Dataset excerpts
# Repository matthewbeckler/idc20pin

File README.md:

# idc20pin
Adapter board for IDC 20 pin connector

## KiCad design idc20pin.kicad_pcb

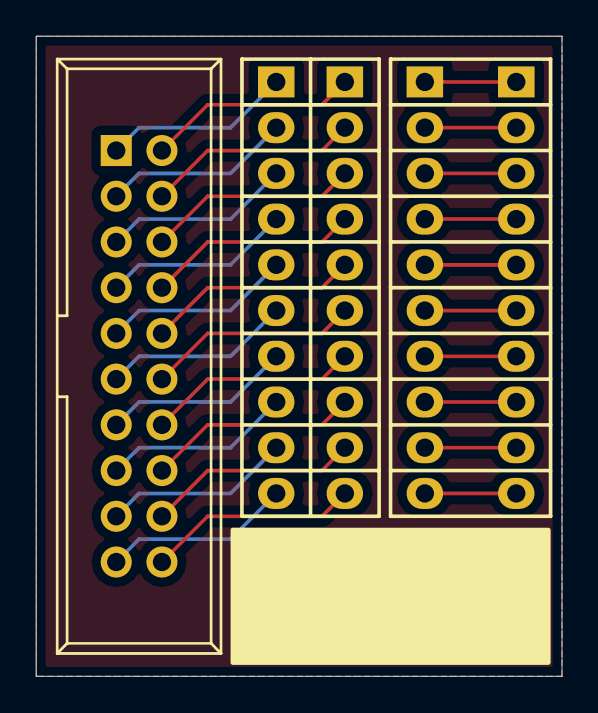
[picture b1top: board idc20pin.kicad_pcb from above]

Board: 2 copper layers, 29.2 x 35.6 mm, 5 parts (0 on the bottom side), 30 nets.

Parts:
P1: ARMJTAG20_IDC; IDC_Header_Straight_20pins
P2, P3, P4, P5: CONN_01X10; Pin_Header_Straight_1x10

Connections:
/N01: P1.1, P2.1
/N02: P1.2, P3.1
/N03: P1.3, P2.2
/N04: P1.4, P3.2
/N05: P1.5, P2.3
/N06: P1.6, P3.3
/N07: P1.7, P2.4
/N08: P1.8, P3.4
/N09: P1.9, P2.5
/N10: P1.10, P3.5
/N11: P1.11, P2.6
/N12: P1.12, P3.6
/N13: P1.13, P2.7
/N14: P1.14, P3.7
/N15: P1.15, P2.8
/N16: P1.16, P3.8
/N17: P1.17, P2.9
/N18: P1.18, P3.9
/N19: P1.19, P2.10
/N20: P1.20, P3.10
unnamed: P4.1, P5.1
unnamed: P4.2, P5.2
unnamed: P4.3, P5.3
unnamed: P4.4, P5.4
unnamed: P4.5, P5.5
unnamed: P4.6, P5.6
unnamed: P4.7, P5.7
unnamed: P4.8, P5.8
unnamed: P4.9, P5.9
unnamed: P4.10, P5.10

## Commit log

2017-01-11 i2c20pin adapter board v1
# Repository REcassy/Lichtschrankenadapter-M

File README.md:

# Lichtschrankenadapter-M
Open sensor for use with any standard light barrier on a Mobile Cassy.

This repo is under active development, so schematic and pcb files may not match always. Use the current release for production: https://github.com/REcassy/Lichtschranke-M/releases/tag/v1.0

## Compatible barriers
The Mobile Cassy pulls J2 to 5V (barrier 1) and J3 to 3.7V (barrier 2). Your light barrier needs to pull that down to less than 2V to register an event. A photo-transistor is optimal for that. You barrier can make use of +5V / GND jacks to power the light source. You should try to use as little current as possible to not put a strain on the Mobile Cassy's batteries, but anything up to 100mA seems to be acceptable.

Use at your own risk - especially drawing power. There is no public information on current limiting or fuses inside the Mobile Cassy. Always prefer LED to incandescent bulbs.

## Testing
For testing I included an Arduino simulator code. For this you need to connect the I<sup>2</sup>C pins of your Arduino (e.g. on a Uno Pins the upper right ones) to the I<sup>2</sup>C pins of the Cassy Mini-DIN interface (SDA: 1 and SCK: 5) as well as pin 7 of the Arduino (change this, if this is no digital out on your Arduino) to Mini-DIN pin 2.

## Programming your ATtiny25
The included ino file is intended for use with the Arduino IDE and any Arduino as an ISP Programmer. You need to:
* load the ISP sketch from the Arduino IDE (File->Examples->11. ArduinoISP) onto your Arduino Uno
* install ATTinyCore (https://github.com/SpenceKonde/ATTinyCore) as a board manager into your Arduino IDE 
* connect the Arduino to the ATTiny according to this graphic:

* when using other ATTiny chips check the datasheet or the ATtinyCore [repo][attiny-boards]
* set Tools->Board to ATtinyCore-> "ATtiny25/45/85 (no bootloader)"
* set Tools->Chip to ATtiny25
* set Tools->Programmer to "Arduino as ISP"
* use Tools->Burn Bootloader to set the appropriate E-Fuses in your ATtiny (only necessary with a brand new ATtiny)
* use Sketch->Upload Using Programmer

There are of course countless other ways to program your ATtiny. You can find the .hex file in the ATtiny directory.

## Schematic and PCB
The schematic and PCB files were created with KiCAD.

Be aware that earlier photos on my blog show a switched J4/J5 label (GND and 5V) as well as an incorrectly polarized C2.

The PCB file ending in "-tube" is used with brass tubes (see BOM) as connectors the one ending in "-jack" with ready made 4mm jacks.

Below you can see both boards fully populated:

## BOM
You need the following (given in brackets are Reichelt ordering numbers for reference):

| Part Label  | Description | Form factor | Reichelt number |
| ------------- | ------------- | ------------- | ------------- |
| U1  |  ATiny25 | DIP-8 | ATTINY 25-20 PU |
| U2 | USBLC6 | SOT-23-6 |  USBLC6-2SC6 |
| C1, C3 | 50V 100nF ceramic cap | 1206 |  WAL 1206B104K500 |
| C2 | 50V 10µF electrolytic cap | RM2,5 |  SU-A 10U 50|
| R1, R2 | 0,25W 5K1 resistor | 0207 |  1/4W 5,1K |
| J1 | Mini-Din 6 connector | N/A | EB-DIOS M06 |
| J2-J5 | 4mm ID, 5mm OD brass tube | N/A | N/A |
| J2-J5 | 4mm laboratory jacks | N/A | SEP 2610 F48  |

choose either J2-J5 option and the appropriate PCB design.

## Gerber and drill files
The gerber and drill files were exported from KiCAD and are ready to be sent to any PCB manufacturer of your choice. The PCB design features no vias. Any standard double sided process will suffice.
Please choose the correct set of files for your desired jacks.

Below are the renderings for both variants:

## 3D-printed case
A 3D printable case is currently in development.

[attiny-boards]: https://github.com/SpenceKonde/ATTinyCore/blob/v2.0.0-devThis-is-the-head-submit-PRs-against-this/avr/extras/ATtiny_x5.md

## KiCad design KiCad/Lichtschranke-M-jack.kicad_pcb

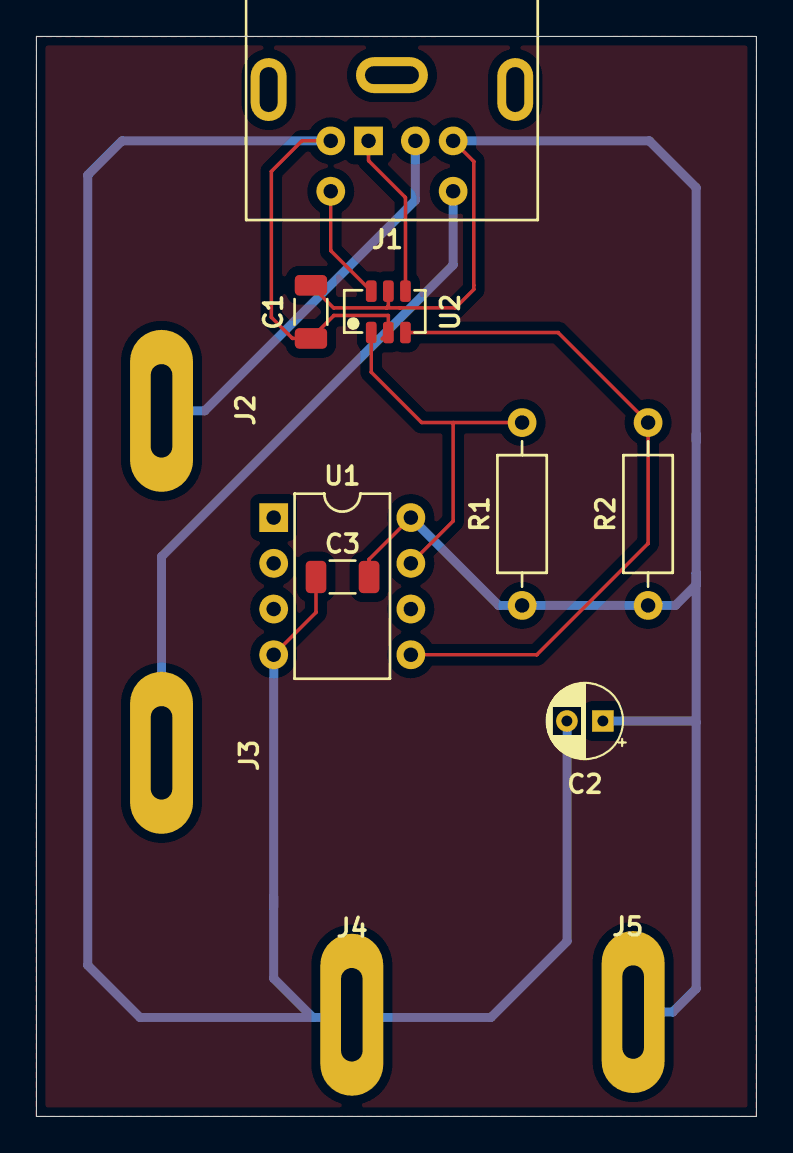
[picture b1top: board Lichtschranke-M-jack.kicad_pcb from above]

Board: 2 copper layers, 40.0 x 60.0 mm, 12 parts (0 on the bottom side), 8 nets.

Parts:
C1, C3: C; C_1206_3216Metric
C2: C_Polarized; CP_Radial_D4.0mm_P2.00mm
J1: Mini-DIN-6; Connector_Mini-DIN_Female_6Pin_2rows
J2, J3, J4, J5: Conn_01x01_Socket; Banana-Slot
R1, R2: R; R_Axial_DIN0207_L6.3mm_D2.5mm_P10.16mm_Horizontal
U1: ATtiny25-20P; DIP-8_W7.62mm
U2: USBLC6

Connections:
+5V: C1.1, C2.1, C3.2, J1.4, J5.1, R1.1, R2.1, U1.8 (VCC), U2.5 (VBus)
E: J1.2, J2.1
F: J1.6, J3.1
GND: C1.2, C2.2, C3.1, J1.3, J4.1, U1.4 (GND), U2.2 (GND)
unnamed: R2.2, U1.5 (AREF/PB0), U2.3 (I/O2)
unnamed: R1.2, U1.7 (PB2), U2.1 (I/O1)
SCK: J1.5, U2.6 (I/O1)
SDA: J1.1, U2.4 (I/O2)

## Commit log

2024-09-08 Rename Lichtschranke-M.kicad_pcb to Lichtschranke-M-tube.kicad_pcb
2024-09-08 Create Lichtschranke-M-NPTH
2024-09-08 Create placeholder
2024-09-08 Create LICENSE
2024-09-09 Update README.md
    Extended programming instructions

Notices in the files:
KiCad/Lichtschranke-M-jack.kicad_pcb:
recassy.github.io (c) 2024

ABOUT THIS EXERCISE
Where in the records does the string "Below" appear? Copy every line that has it.

WRITTEN SOLUTION
Below you can see both boards fully populated:
Below are the renderings for both variants:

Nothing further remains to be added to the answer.